Arthur Schopenghauer

Su reputación estaba en peligro. Y su situación, ya de por sí precaria, dependía de una reputación intachable. Emma estaba desesperada por esas acusaciones infundadas y por los comentarios crueles e indiscretos del ama de llaves. ¿Cuestionar su virtud abiertamente y en público? Ese tipo de conversaciones no deberían tener lugar jamás, y sin embargo, en esa casa se había hablado del asunto como si fuera algo trivial, como si insultar a una mujer sin padres fuera la cosa más fácil del mundo. ¡Qué injusto! ¡Qué inmoral!

Pero no solo estaba desesperada, sino que también se sentía terriblemente humillada, deshonrada. ¡Qué mala educación! Esas personas, las de esa casa, no tenían moral. 

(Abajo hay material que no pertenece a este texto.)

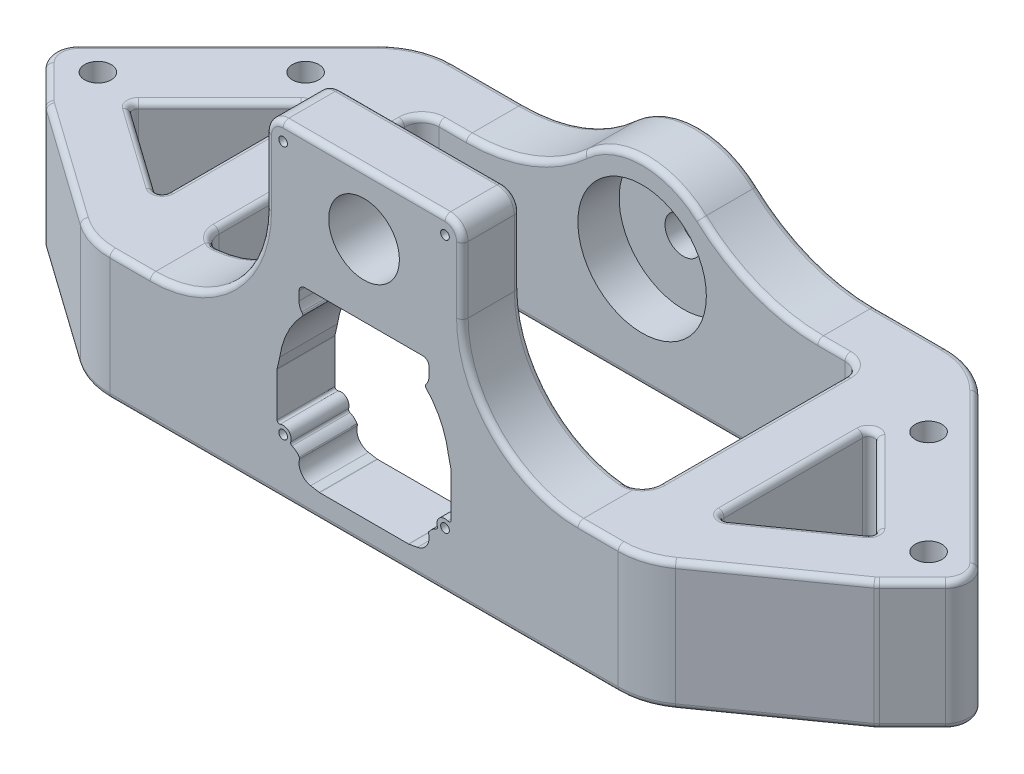
from build123d import *

# Parameters (mm, degrees)
SKETCH1_W           = 96.2
SKETCH1_H           = 58.1
SKETCH1_W_2         = 76.2
SKETCH1_H_2         = 38.1
SKETCH1_R           = 2.3
BOSS_EXTRUDE1_DEPTH = 22.25
BOSS_EXTRUDE2_START = 22.25
SKETCH1_3_W         = 96.2
SKETCH1_3_H         = 58.1
SKETCH1_3_W_2       = 76.2
SKETCH1_3_H_2       = 38.1
BOSS_EXTRUDE2_DEPTH = 15.85
SKETCH3_W           = 34
SKETCH3_H           = 18.6
SKETCH3_R           = 0.75
SKETCH3_R_2         = 6.113994518
BOSS_EXTRUDE3_DEPTH = 10
CUT_EXTRUDE1_REACH  = 116.403
SKETCH3_3_W         = 31.1
SKETCH3_3_H         = 15.85
CUT_EXTRUDE2_REACH  = 116.403
SKETCH3_4_R         = 0.75
CUT_EXTRUDE3_REACH  = 116.403
FILLET1_R           = 20
FILLET2_R           = 3
FILLET3_R           = 1
FILLET4_R           = 1
FILLET5_R           = 3
FILLET6_R           = 13
FILLET7_R           = 4
SKETCH5_R           = 11.1125
CUT_EXTRUDE4_DEPTH  = 7.1374
FILLET8_R           = 30
FILLET9_R           = 1


with BuildPart() as part:
    # Sketch1 → Boss-Extrude1 (new body)
    # profile 1 of 5: a face of its own
    with BuildSketch(Plane(origin=(0, 0, 0), x_dir=(1, 0, 0), z_dir=(0, 1, 0))):
        Rectangle(SKETCH1_W, SKETCH1_H)
        Rectangle(SKETCH1_W_2, SKETCH1_H_2, mode=Mode.SUBTRACT)
    # profile 2 of 5: a face of its own
    with BuildSketch(Plane(origin=(0, 0, 0), x_dir=(1, 0, 0), z_dir=(0, 1, 0))):
        Polygon((-80.606778943, -3.456778943), (-71.842048969, -12.221508917), (-64.669047511, -5.048507459), (-48.1, 11.520540052), (-48.1, 29.05), align=None)
        with Locations(Location((-71.842048969, -3.241252796, 0), (0, 0, 270))):
            Circle(SKETCH1_R, mode=Mode.SUBTRACT)
        with Locations(Location((-53.881536726, 14.719259446, 0), (0, 0, 270))):
            Circle(SKETCH1_R, mode=Mode.SUBTRACT)
    # profile 3 of 5: a face of its own
    with BuildSketch(Plane(origin=(0, 0, 0), x_dir=(1, 0, 0), z_dir=(0, 1, 0))):
        Polygon((64.669047511, -5.048507459), (71.842048969, -12.221508917), (80.606778943, -3.456778943), (48.1, 29.05), (48.1, 11.520540052), align=None)
        with Locations(Location((71.842048969, -3.241252796, 0), (0, 0, 270))):
            Circle(SKETCH1_R, mode=Mode.SUBTRACT)
        with Locations(Location((53.881536726, 14.719259446, 0), (0, 0, 270))):
            Circle(SKETCH1_R, mode=Mode.SUBTRACT)
    # profile 4 of 5: a face of its own
    with BuildSketch(Plane(origin=(0, 0, 0), x_dir=(1, 0, 0), z_dir=(0, 1, 0))):
        Polygon((-71.842048969, -12.221508917), (-48.1, -29.05), (-48.1, -16.792736808), (-64.669047511, -5.048507459), align=None)
    # profile 5 of 5: a face of its own
    with BuildSketch(Plane(origin=(0, 0, 0), x_dir=(1, 0, 0), z_dir=(0, 1, 0))):
        Polygon((48.1, -16.792736808), (48.1, -29.05), (71.842048969, -12.221508917), (64.669047511, -5.048507459), align=None)
    extrude(amount=BOSS_EXTRUDE1_DEPTH)

    # Sketch1<3> → Boss-Extrude2 (add)
    with BuildSketch(Plane(origin=(0, 0, 0), x_dir=(1, 0, 0), z_dir=(0, 1, 0)).offset(BOSS_EXTRUDE2_START)):
        Rectangle(SKETCH1_3_W, SKETCH1_3_H)
        Rectangle(SKETCH1_3_W_2, SKETCH1_3_H_2, mode=Mode.SUBTRACT)
    extrude(amount=BOSS_EXTRUDE2_DEPTH)

    # Sketch3 → Boss-Extrude3 (add)
    with BuildSketch(Plane.XY.offset(29.05)):
        with Locations((0, 47.4)):
            Rectangle(SKETCH3_W, SKETCH3_H)
        with Locations((-14, 53.7)):
            Circle(SKETCH3_R, mode=Mode.SUBTRACT)
        with Locations((0, 46.05)):
            Circle(SKETCH3_R_2, mode=Mode.SUBTRACT)
        with Locations((14, 53.7)):
            Circle(SKETCH3_R, mode=Mode.SUBTRACT)
    extrude(amount=-BOSS_EXTRUDE3_DEPTH)

    # Sketch3<3> → Cut-Extrude1 (cut, up to next)
    with BuildSketch(Plane.XY.offset(29.05), mode=Mode.PRIVATE) as cut_extrude1_sk1:
        with Locations((-32.55, 30.175)):
            Rectangle(SKETCH3_3_W, SKETCH3_3_H)
    cut_extrude1_tool1 = extrude(cut_extrude1_sk1.sketch, amount=-CUT_EXTRUDE1_REACH, mode=Mode.PRIVATE) & part.part
    # Sketch3<3> → Cut-Extrude1 (cut, up to next)
    with BuildSketch(Plane.XY.offset(29.05), mode=Mode.PRIVATE) as cut_extrude1_sk2:
        with Locations((32.55, 30.175)):
            Rectangle(SKETCH3_3_W, SKETCH3_3_H)
    cut_extrude1_tool2 = extrude(cut_extrude1_sk2.sketch, amount=-CUT_EXTRUDE1_REACH, mode=Mode.PRIVATE) & part.part
    add(cut_extrude1_tool1.solids().sort_by_distance((-32.55, 30.175, 29.05))[0], mode=Mode.SUBTRACT)
    add(cut_extrude1_tool2.solids().sort_by_distance((32.55, 30.175, 29.05))[0], mode=Mode.SUBTRACT)

    # Sketch3<4> → Cut-Extrude2 (cut, up to next)
    with BuildSketch(Plane.XY.offset(29.05), mode=Mode.PRIVATE) as cut_extrude2_sk1:
        with BuildLine():
            Line((-7.677283888, 4.25512505), (0, 4.25512505))
            Line((0, 4.25512505), (0, 33.677419885))
            ThreePointArc((0, 33.677419885), (-3.224781029, 33.317522554), (-6.29087514, 32.255540598))
            add(Edge.make_bspline(
                [(-6.29087514, 32.255540598), (-6.354123344, 32.225410324), (-6.425940061, 32.218415461), (-6.561336137, 32.252753207), (-6.621409073, 32.293361112), (-6.662588328, 32.350039494)],
                knots=[0, 0, 0, 0, 0.000207192, 0.000207192, 0.000414384, 0.000414384, 0.000414384, 0.000414384], degree=3))
            Line((-6.662588328, 32.350039494), (-6.852954845, 32.612056525))
            ThreePointArc((-6.852954845, 32.612056525), (-9.566892781, 33.493868415), (-11.24419867, 31.185254916))
            ThreePointArc((-11.24419867, 31.185254916), (-11.125392284, 30.435140919), (-10.780602724, 29.758453306))
            Line((-10.780602724, 29.758453306), (-10.650014249, 29.57871369))
            add(Edge.make_bspline(
                [(-10.650014249, 29.57871369), (-10.608797348, 29.521983492), (-10.588802383, 29.452580884), (-10.597914493, 29.313081434), (-10.626954198, 29.246551285), (-10.675261528, 29.195722635)],
                knots=[0, 0, 0, 0, 0.000207381, 0.000207381, 0.000414763, 0.000414763, 0.000414763, 0.000414763], degree=3))
            ThreePointArc((-10.675261528, 29.195722635), (-13.260415941, 25.457672398), (-14.582722774, 21.10939141))
            Line((-14.582722774, 21.10939141), (-15.034823926, 19.130918405))
            ThreePointArc((-15.034823926, 19.130918405), (-15.042354252, 19.086649043), (-15.04487495, 19.041814589))
            Line((-15.04487495, 19.041814589), (-15.04487495, 11.477902311))
            add(Edge.make_bspline(
                [(-15.04487495, 11.477902311), (-15.04487495, 11.347556499), (-14.977913043, 11.221268418), (-14.764315845, 11.074786106), (-14.623061319, 11.057781693), (-14.501392579, 11.104544234)],
                knots=[0, 0, 0, 0, 0.000387965, 0.000387965, 0.00077593, 0.00077593, 0.00077593, 0.00077593], degree=3))
            ThreePointArc((-14.501392579, 11.104544234), (-13.035153586, 10.811089301), (-12.67342862, 9.360183504))
            add(Edge.make_bspline(
                [(-12.67342862, 9.360183504), (-12.705194241, 9.264372263), (-12.698958784, 9.158171677), (-12.615527042, 8.976534106), (-12.53920304, 8.902740582), (-12.445843703, 8.864362493)],
                knots=[0, 0, 0, 0, 0.000301952, 0.000301952, 0.000603904, 0.000603904, 0.000603904, 0.000603904], degree=3))
            ThreePointArc((-12.445843703, 8.864362493), (-11.739786176, 8.442159607), (-11.188695899, 7.831363394))
            add(Edge.make_bspline(
                [(-11.188695899, 7.831363394), (-11.14058364, 7.758747016), (-11.126397589, 7.666819684), (-11.150380907, 7.58307766)],
                knots=[0, 0, 0, 0, 0.000257617, 0.000257617, 0.000257617, 0.000257617], degree=3))
            ThreePointArc((-11.150380907, 7.58307766), (-10.875139467, 5.628075507), (-9.238295824, 4.524203161))
            Line((-9.238295824, 4.524203161), (-7.746740514, 4.261201717))
            ThreePointArc((-7.746740514, 4.261201717), (-7.712144857, 4.256647112), (-7.677283888, 4.25512505))
        make_face()
    cut_extrude2_tool1 = extrude(cut_extrude2_sk1.sketch, amount=-CUT_EXTRUDE2_REACH, mode=Mode.PRIVATE) & part.part
    # Sketch3<4> → Cut-Extrude2 (cut, up to next)
    with BuildSketch(Plane.XY.offset(29.05), mode=Mode.PRIVATE) as cut_extrude2_sk2:
        with BuildLine():
            Line((0, 33.677419885), (0, 4.25512505))
            Line((0, 4.25512505), (7.677283888, 4.25512505))
            ThreePointArc((7.677283888, 4.25512505), (7.712144857, 4.256647112), (7.746740514, 4.261201717))
            Line((7.746740514, 4.261201717), (9.238295824, 4.524203161))
            ThreePointArc((9.238295824, 4.524203161), (10.875139467, 5.628075507), (11.150380907, 7.58307766))
            add(Edge.make_bspline(
                [(11.150380907, 7.58307766), (11.126397587, 7.666819693), (11.140583645, 7.758747024), (11.188695899, 7.831363394)],
                knots=[0, 0, 0, 0, 0.000257617, 0.000257617, 0.000257617, 0.000257617], degree=3))
            ThreePointArc((11.188695899, 7.831363394), (11.739786176, 8.442159607), (12.445843703, 8.864362493))
            add(Edge.make_bspline(
                [(12.445843703, 8.864362493), (12.539203063, 8.902740591), (12.615665227, 8.976706684), (12.698999551, 9.15838897), (12.705194234, 9.264372286), (12.67342862, 9.360183504)],
                knots=[0, 0, 0, 0, 0.000301952, 0.000301952, 0.000603904, 0.000603904, 0.000603904, 0.000603904], degree=3))
            ThreePointArc((12.67342862, 9.360183504), (13.035153586, 10.811089301), (14.501392579, 11.104544234))
            add(Edge.make_bspline(
                [(14.501392579, 11.104544234), (14.623061366, 11.057781675), (14.76496564, 11.07497916), (14.978326365, 11.221805697), (15.04487495, 11.347556549), (15.04487495, 11.477902311)],
                knots=[0, 0, 0, 0, 0.000387965, 0.000387965, 0.00077593, 0.00077593, 0.00077593, 0.00077593], degree=3))
            Line((15.04487495, 11.477902311), (15.04487495, 19.041814589))
            ThreePointArc((15.04487495, 19.041814589), (15.042354252, 19.086649043), (15.034823926, 19.130918405))
            Line((15.034823926, 19.130918405), (14.582722774, 21.10939141))
            ThreePointArc((14.582722774, 21.10939141), (13.260415941, 25.457672398), (10.675261528, 29.195722635))
            add(Edge.make_bspline(
                [(10.675261528, 29.195722635), (10.626954205, 29.246551277), (10.598021636, 29.312728517), (10.588742494, 29.452216956), (10.608797342, 29.521983484), (10.650014249, 29.57871369)],
                knots=[0, 0, 0, 0, 0.000207381, 0.000207381, 0.000414763, 0.000414763, 0.000414763, 0.000414763], degree=3))
            Line((10.650014249, 29.57871369), (10.780602724, 29.758453306))
            ThreePointArc((10.780602724, 29.758453306), (11.125392284, 30.435140919), (11.24419867, 31.185254916))
            Line((11.24419867, 31.185254916), (11.242123633, 31.28560265))
            ThreePointArc((11.242123633, 31.28560265), (9.519004074, 33.508882885), (6.852954845, 32.612056525))
            Line((6.852954845, 32.612056525), (6.662588328, 32.350039494))
            add(Edge.make_bspline(
                [(6.662588328, 32.350039494), (6.621409079, 32.293361119), (6.561652549, 32.252917009), (6.426296286, 32.218422661), (6.354123353, 32.225410319), (6.29087514, 32.255540598)],
                knots=[0, 0, 0, 0, 0.000207192, 0.000207192, 0.000414384, 0.000414384, 0.000414384, 0.000414384], degree=3))
            ThreePointArc((6.29087514, 32.255540598), (3.224781029, 33.317522554), (0, 33.677419885))
        make_face()
    cut_extrude2_tool2 = extrude(cut_extrude2_sk2.sketch, amount=-CUT_EXTRUDE2_REACH, mode=Mode.PRIVATE) & part.part
    # Sketch3<4> → Cut-Extrude2 (cut, up to next)
    with BuildSketch(Plane.XY.offset(29.05), mode=Mode.PRIVATE) as cut_extrude2_sk3:
        with BuildLine():
            ThreePointArc((-6.29087514, 32.255540598), (-3.224781029, 33.317522554), (0, 33.677419885))
            Line((0, 33.677419885), (-11.24419867, 33.677419885))
            Line((-11.24419867, 33.677419885), (-11.24419867, 31.185254916))
            ThreePointArc((-11.24419867, 31.185254916), (-9.566892781, 33.493868415), (-6.852954845, 32.612056525))
            Line((-6.852954845, 32.612056525), (-6.662588328, 32.350039494))
            add(Edge.make_bspline(
                [(-6.29087514, 32.255540598), (-6.354123344, 32.225410324), (-6.425940061, 32.218415461), (-6.561336137, 32.252753207), (-6.621409073, 32.293361112), (-6.662588328, 32.350039494)],
                knots=[0, 0, 0, 0, 0.000207192, 0.000207192, 0.000414384, 0.000414384, 0.000414384, 0.000414384], degree=3))
        make_face()
    cut_extrude2_tool3 = extrude(cut_extrude2_sk3.sketch, amount=-CUT_EXTRUDE2_REACH, mode=Mode.PRIVATE) & part.part
    # Sketch3<4> → Cut-Extrude2 (cut, up to next)
    with BuildSketch(Plane.XY.offset(29.05), mode=Mode.PRIVATE) as cut_extrude2_sk4:
        with BuildLine():
            Line((11.192664519, 33.677419885), (0, 33.677419885))
            ThreePointArc((0, 33.677419885), (3.224781029, 33.317522554), (6.29087514, 32.255540598))
            add(Edge.make_bspline(
                [(6.662588328, 32.350039494), (6.621409079, 32.293361119), (6.561652549, 32.252917009), (6.426296286, 32.218422661), (6.354123353, 32.225410319), (6.29087514, 32.255540598)],
                knots=[0, 0, 0, 0, 0.000207192, 0.000207192, 0.000414384, 0.000414384, 0.000414384, 0.000414384], degree=3))
            Line((6.662588328, 32.350039494), (6.852954845, 32.612056525))
            ThreePointArc((6.852954845, 32.612056525), (9.519004074, 33.508882885), (11.242123633, 31.28560265))
            Line((11.242123633, 31.28560265), (11.192664519, 33.677419885))
        make_face()
    cut_extrude2_tool4 = extrude(cut_extrude2_sk4.sketch, amount=-CUT_EXTRUDE2_REACH, mode=Mode.PRIVATE) & part.part
    # Sketch3<4> → Cut-Extrude2 (cut, up to next)
    with BuildSketch(Plane.XY.offset(29.05), mode=Mode.PRIVATE) as cut_extrude2_sk5:
        with Locations((14, 9.8)):
            Circle(SKETCH3_4_R)
    cut_extrude2_tool5 = extrude(cut_extrude2_sk5.sketch, amount=-CUT_EXTRUDE2_REACH, mode=Mode.PRIVATE) & part.part
    # Sketch3<4> → Cut-Extrude2 (cut, up to next)
    with BuildSketch(Plane.XY.offset(29.05), mode=Mode.PRIVATE) as cut_extrude2_sk6:
        with Locations((-14, 9.8)):
            Circle(SKETCH3_4_R)
    cut_extrude2_tool6 = extrude(cut_extrude2_sk6.sketch, amount=-CUT_EXTRUDE2_REACH, mode=Mode.PRIVATE) & part.part
    add(cut_extrude2_tool1.solids().sort_by_distance((-6.658417, 18.623439, 29.05))[0], mode=Mode.SUBTRACT)
    add(cut_extrude2_tool2.solids().sort_by_distance((6.658414, 18.623445, 29.05))[0], mode=Mode.SUBTRACT)
    add(cut_extrude2_tool3.solids().sort_by_distance((-6.742029, 33.207755, 29.05))[0], mode=Mode.SUBTRACT)
    add(cut_extrude2_tool4.solids().sort_by_distance((6.692011, 33.21179, 29.05))[0], mode=Mode.SUBTRACT)
    add(cut_extrude2_tool5.solids().sort_by_distance((14, 9.8, 29.05))[0], mode=Mode.SUBTRACT)
    add(cut_extrude2_tool6.solids().sort_by_distance((-14, 9.8, 29.05))[0], mode=Mode.SUBTRACT)

    # Sketch4 → Cut-Extrude3 (cut, up to next)
    with BuildSketch(Plane(origin=(0, 0, -29.05), x_dir=(-1, 0, 0), z_dir=(0, 0, -1)), mode=Mode.PRIVATE) as cut_extrude3_sk1:
        with BuildLine():
            Line((-17, 22.25), (-14.654692081, 22.25))
            ThreePointArc((-14.654692081, 22.25), (-9.407443861, 30.733321446), (0, 34.05))
            Line((0, 34.05), (0, 38.1))
            Line((0, 38.1), (-17, 38.1))
            Line((-17, 38.1), (-17, 22.25))
        make_face()
    cut_extrude3_tool1 = extrude(cut_extrude3_sk1.sketch, amount=-CUT_EXTRUDE3_REACH, mode=Mode.PRIVATE) & part.part
    # Sketch4 → Cut-Extrude3 (cut, up to next)
    with BuildSketch(Plane(origin=(0, 0, -29.05), x_dir=(-1, 0, 0), z_dir=(0, 0, -1)), mode=Mode.PRIVATE) as cut_extrude3_sk2:
        with BuildLine():
            Line((0, 38.1), (0, 34.05))
            ThreePointArc((0, 34.05), (9.407443861, 30.733321446), (14.654692081, 22.25))
            Line((14.654692081, 22.25), (17, 22.25))
            Line((17, 22.25), (17, 38.1))
            Line((17, 38.1), (0, 38.1))
        make_face()
    cut_extrude3_tool2 = extrude(cut_extrude3_sk2.sketch, amount=-CUT_EXTRUDE3_REACH, mode=Mode.PRIVATE) & part.part
    # Sketch4 → Cut-Extrude3 (cut, up to next)
    with BuildSketch(Plane(origin=(0, 0, -29.05), x_dir=(-1, 0, 0), z_dir=(0, 0, -1)), mode=Mode.PRIVATE) as cut_extrude3_sk3:
        with BuildLine():
            ThreePointArc((0, 22.225), (-3.175, 19.05), (0, 15.875))
            Line((0, 15.875), (0, 22.225))
        make_face()
    cut_extrude3_tool3 = extrude(cut_extrude3_sk3.sketch, amount=-CUT_EXTRUDE3_REACH, mode=Mode.PRIVATE) & part.part
    # Sketch4 → Cut-Extrude3 (cut, up to next)
    with BuildSketch(Plane(origin=(0, 0, -29.05), x_dir=(-1, 0, 0), z_dir=(0, 0, -1)), mode=Mode.PRIVATE) as cut_extrude3_sk4:
        with BuildLine():
            Line((0, 22.225), (0, 15.875))
            ThreePointArc((0, 15.875), (2.24506403, 16.80493597), (3.175, 19.05))
            ThreePointArc((3.175, 19.05), (2.24506403, 21.29506403), (0, 22.225))
        make_face()
    cut_extrude3_tool4 = extrude(cut_extrude3_sk4.sketch, amount=-CUT_EXTRUDE3_REACH, mode=Mode.PRIVATE) & part.part
    # Sketch4 → Cut-Extrude3 (cut, up to next)
    with BuildSketch(Plane(origin=(0, 0, -29.05), x_dir=(-1, 0, 0), z_dir=(0, 0, -1)), mode=Mode.PRIVATE) as cut_extrude3_sk5:
        with BuildLine():
            ThreePointArc((0, 22.225), (-3.175, 19.05), (0, 15.875))
            Line((0, 15.875), (0, 22.225))
        make_face()
    cut_extrude3_tool5 = extrude(cut_extrude3_sk5.sketch, amount=-CUT_EXTRUDE3_REACH, mode=Mode.PRIVATE) & part.part
    # Sketch4 → Cut-Extrude3 (cut, up to next)
    with BuildSketch(Plane(origin=(0, 0, -29.05), x_dir=(-1, 0, 0), z_dir=(0, 0, -1)), mode=Mode.PRIVATE) as cut_extrude3_sk6:
        with BuildLine():
            Line((0, 22.225), (0, 15.875))
            ThreePointArc((0, 15.875), (2.24506403, 16.80493597), (3.175, 19.05))
            ThreePointArc((3.175, 19.05), (2.24506403, 21.29506403), (0, 22.225))
        make_face()
    cut_extrude3_tool6 = extrude(cut_extrude3_sk6.sketch, amount=-CUT_EXTRUDE3_REACH, mode=Mode.PRIVATE) & part.part
    add(cut_extrude3_tool1.solids().sort_by_distance((10.827646, 32.931651, -29.05))[0], mode=Mode.SUBTRACT)
    add(cut_extrude3_tool2.solids().sort_by_distance((-10.827646, 32.931651, -29.05))[0], mode=Mode.SUBTRACT)
    add(cut_extrude3_tool3.solids().sort_by_distance((1.347512, 19.05, -29.05))[0], mode=Mode.SUBTRACT)
    add(cut_extrude3_tool4.solids().sort_by_distance((-1.347512, 19.05, -29.05))[0], mode=Mode.SUBTRACT)
    add(cut_extrude3_tool5.solids().sort_by_distance((1.347512, 19.05, -29.05))[0], mode=Mode.SUBTRACT)
    add(cut_extrude3_tool6.solids().sort_by_distance((-1.347512, 19.05, -29.05))[0], mode=Mode.SUBTRACT)

    # Fillet1
    fillet1_edges = [part.edges().sort_by_distance(p)[0] for p in [
        (-17, 22.25, 24.05),
        (17, 22.25, 24.05),
    ]]
    fillet(fillet1_edges, radius=FILLET1_R)

    # Fillet2
    fillet2_edges = [part.edges().sort_by_distance(p)[0] for p in [
        (17, 56.7, 24.05),
        (-17, 56.7, 24.05),
    ]]
    fillet(fillet2_edges, radius=FILLET2_R)

    # Fillet3
    fillet3_edges = [part.edges().sort_by_distance(p)[0] for p in [
        (-11.24419867, 33.677419885, 24.05),
        (11.192664519, 33.677419885, 24.05),
    ]]
    fillet(fillet3_edges, radius=FILLET3_R)

    # Fillet4
    fillet4_edges = [part.edges().sort_by_distance(p)[0] for p in [
        (-48.1, 11.125, 16.792736808),
        (-48.1, 11.125, -11.520540052),
        (-64.669047511, 11.125, 5.048507459),
        (48.1, 11.125, -11.520540052),
        (48.1, 11.125, 16.792736808),
        (64.669047511, 11.125, 5.048507459),
    ]]
    fillet(fillet4_edges, radius=FILLET4_R)

    # Fillet5
    fillet5_edges = [part.edges().sort_by_distance(p)[0] for p in [
        (-38.1, 11.125, -19.05),
        (38.1, 11.125, -19.05),
        (38.1, 11.125, 19.05),
        (-38.1, 11.125, 19.05),
    ]]
    fillet(fillet5_edges, radius=FILLET5_R)

    # Fillet6
    fillet6_edges = [part.edges().sort_by_distance(p)[0] for p in [
        (-48.1, 11.125, 29.05),
        (-48.1, 11.125, -29.05),
        (48.1, 11.125, -29.05),
        (48.1, 11.125, 29.05),
    ]]
    fillet(fillet6_edges, radius=FILLET6_R)

    # Fillet7
    fillet7_edges = [part.edges().sort_by_distance(p)[0] for p in [
        (-71.842048969, 11.125, 12.221508917),
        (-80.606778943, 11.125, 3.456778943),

—Señorita Rothinger —oyó la voz profunda y grave del Gobernador, sacándola de sus pensamientos. Estaba tan enfadada, tan ofendida y tan ansiosa que ni siquiera se había dado cuenta de que se habían quedado a solas—. Permítame ofrecerle mis más sinceras disculpas por las palabras inapropiadas del ama de llaves —dijo él con voz autoritaria y pausada, proyectando poder sin esfuerzo—. Independientemente de la veracidad de las acusaciones, no ha sido adecuado el modo en que se ha tratado el tema.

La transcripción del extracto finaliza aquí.